**EXERCISE DETAILS**
Give again, unaltered, the lines of the listing below that run from the line having "#46=CARTESIAN_POINT('',(223.393,-22.225,0.));" through the line having "#75=VECTOR('',#74,1.);".

PROVIDED RECORDS Block Start

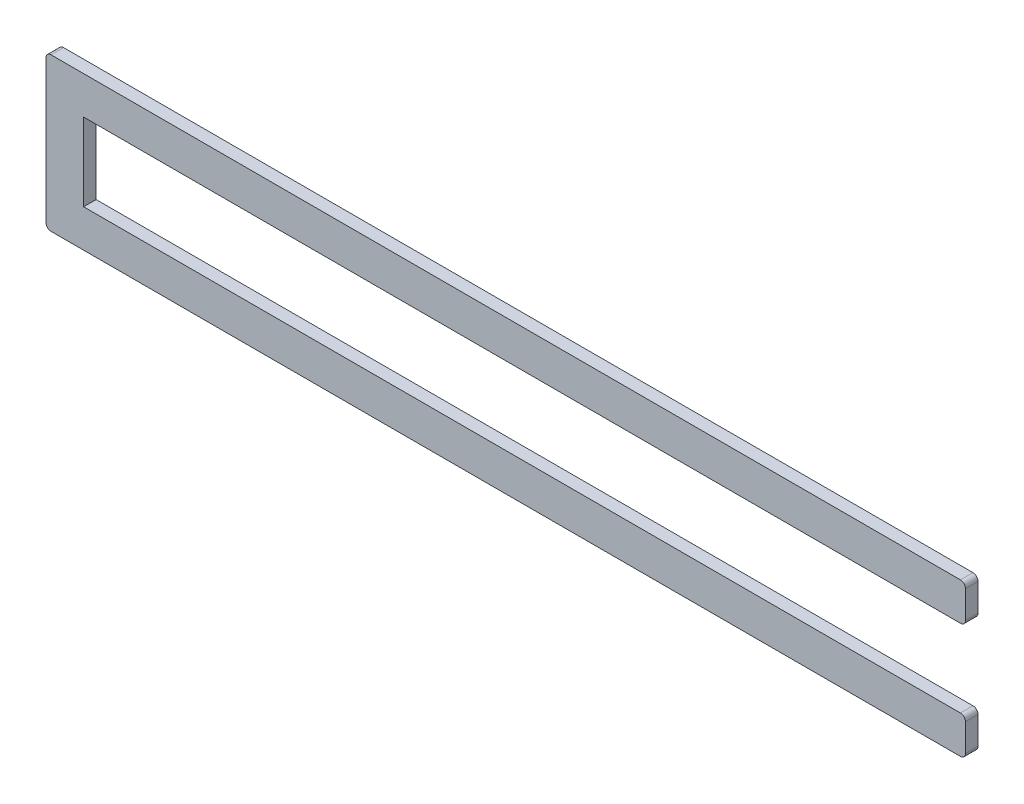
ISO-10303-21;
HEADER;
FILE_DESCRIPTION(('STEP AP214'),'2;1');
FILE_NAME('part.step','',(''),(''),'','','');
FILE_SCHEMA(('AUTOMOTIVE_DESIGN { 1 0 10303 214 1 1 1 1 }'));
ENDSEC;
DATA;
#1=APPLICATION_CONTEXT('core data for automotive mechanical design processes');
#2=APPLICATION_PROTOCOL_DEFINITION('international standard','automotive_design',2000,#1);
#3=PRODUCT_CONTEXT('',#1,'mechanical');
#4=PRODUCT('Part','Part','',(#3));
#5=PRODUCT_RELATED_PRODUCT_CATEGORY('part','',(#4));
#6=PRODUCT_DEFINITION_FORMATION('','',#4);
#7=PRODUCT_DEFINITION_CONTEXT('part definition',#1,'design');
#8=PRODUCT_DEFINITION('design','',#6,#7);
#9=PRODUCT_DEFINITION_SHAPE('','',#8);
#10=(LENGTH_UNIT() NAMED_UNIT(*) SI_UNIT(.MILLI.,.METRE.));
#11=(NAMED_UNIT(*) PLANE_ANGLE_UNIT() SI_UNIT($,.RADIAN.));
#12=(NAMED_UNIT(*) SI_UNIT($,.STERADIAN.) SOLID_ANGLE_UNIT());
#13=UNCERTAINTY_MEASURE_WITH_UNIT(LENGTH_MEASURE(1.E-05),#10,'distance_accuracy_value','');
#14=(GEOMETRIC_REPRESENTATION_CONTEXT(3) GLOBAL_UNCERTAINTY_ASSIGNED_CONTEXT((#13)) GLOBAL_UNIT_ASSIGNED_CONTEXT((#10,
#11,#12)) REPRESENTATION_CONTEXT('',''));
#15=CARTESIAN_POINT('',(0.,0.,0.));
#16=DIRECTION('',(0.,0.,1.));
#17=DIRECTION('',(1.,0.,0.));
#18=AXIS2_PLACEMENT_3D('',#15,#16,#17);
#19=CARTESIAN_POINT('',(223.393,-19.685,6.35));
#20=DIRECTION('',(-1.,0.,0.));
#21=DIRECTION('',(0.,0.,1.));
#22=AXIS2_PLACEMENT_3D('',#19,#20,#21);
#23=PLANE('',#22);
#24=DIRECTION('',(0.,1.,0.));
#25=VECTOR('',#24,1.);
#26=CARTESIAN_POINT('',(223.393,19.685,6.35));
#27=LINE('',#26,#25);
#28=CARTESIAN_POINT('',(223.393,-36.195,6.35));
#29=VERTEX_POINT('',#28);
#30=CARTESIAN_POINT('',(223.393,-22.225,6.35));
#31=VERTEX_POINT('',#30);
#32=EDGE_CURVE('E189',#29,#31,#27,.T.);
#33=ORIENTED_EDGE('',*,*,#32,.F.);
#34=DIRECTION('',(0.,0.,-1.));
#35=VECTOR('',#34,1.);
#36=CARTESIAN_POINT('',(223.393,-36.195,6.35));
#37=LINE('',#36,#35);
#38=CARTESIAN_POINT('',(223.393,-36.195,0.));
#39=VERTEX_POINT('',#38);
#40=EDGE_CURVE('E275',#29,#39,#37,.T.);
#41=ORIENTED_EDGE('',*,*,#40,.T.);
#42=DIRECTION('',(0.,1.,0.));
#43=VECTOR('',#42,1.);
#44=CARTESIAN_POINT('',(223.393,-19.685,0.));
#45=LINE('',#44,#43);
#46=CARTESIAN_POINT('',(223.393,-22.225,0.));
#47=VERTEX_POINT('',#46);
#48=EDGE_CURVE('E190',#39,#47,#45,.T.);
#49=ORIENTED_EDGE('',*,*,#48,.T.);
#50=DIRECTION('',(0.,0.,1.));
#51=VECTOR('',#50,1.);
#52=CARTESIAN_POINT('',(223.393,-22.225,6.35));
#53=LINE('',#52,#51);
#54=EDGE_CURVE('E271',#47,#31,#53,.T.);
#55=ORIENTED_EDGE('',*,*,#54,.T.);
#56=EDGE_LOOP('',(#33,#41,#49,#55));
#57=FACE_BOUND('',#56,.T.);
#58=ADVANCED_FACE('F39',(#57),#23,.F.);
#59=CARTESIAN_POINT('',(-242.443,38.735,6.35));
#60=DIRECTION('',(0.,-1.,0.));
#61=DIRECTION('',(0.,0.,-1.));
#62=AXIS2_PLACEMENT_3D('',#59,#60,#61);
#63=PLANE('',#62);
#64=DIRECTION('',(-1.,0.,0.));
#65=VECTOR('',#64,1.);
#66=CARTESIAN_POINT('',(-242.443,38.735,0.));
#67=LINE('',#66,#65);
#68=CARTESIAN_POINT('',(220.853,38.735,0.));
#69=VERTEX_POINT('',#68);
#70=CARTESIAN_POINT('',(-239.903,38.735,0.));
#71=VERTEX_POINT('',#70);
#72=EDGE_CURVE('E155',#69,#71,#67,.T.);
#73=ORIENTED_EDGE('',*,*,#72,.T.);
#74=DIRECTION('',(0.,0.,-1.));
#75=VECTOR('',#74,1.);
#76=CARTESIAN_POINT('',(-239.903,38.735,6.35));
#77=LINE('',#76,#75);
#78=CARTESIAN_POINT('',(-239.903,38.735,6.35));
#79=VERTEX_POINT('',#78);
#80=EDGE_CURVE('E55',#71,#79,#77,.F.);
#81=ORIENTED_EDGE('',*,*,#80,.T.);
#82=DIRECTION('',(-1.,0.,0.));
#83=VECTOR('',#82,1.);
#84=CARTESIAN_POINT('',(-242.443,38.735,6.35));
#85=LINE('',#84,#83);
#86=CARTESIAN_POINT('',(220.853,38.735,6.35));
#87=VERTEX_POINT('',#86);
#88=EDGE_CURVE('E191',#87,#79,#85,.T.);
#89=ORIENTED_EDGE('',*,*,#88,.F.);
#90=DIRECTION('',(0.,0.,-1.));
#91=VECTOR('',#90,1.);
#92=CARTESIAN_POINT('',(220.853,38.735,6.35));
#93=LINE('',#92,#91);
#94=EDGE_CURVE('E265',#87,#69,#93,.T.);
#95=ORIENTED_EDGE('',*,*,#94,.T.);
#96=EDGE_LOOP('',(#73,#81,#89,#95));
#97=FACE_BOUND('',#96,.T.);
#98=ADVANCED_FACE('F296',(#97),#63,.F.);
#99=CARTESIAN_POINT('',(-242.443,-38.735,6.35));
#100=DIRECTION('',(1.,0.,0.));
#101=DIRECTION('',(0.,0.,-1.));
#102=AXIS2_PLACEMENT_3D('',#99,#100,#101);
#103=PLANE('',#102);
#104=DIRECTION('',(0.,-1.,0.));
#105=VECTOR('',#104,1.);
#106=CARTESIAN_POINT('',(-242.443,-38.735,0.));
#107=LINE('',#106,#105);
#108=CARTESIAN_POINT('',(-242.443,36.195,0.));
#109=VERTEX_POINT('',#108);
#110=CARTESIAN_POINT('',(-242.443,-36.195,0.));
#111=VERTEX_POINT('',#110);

PROVIDED RECORDS Block End

**OUTPUT FOR THIS EXERCISE**
#46=CARTESIAN_POINT('',(223.393,-22.225,0.));
#47=VERTEX_POINT('',#46);
#48=EDGE_CURVE('E190',#39,#47,#45,.T.);
#49=ORIENTED_EDGE('',*,*,#48,.T.);
#50=DIRECTION('',(0.,0.,1.));
#51=VECTOR('',#50,1.);
#52=CARTESIAN_POINT('',(223.393,-22.225,6.35));
#53=LINE('',#52,#51);
#54=EDGE_CURVE('E271',#47,#31,#53,.T.);
#55=ORIENTED_EDGE('',*,*,#54,.T.);
#56=EDGE_LOOP('',(#33,#41,#49,#55));
#57=FACE_BOUND('',#56,.T.);
#58=ADVANCED_FACE('F39',(#57),#23,.F.);
#59=CARTESIAN_POINT('',(-242.443,38.735,6.35));
#60=DIRECTION('',(0.,-1.,0.));
#61=DIRECTION('',(0.,0.,-1.));
#62=AXIS2_PLACEMENT_3D('',#59,#60,#61);
#63=PLANE('',#62);
#64=DIRECTION('',(-1.,0.,0.));
#65=VECTOR('',#64,1.);
#66=CARTESIAN_POINT('',(-242.443,38.735,0.));
#67=LINE('',#66,#65);
#68=CARTESIAN_POINT('',(220.853,38.735,0.));
#69=VERTEX_POINT('',#68);
#70=CARTESIAN_POINT('',(-239.903,38.735,0.));
#71=VERTEX_POINT('',#70);
#72=EDGE_CURVE('E155',#69,#71,#67,.T.);
#73=ORIENTED_EDGE('',*,*,#72,.T.);
#74=DIRECTION('',(0.,0.,-1.));
#75=VECTOR('',#74,1.);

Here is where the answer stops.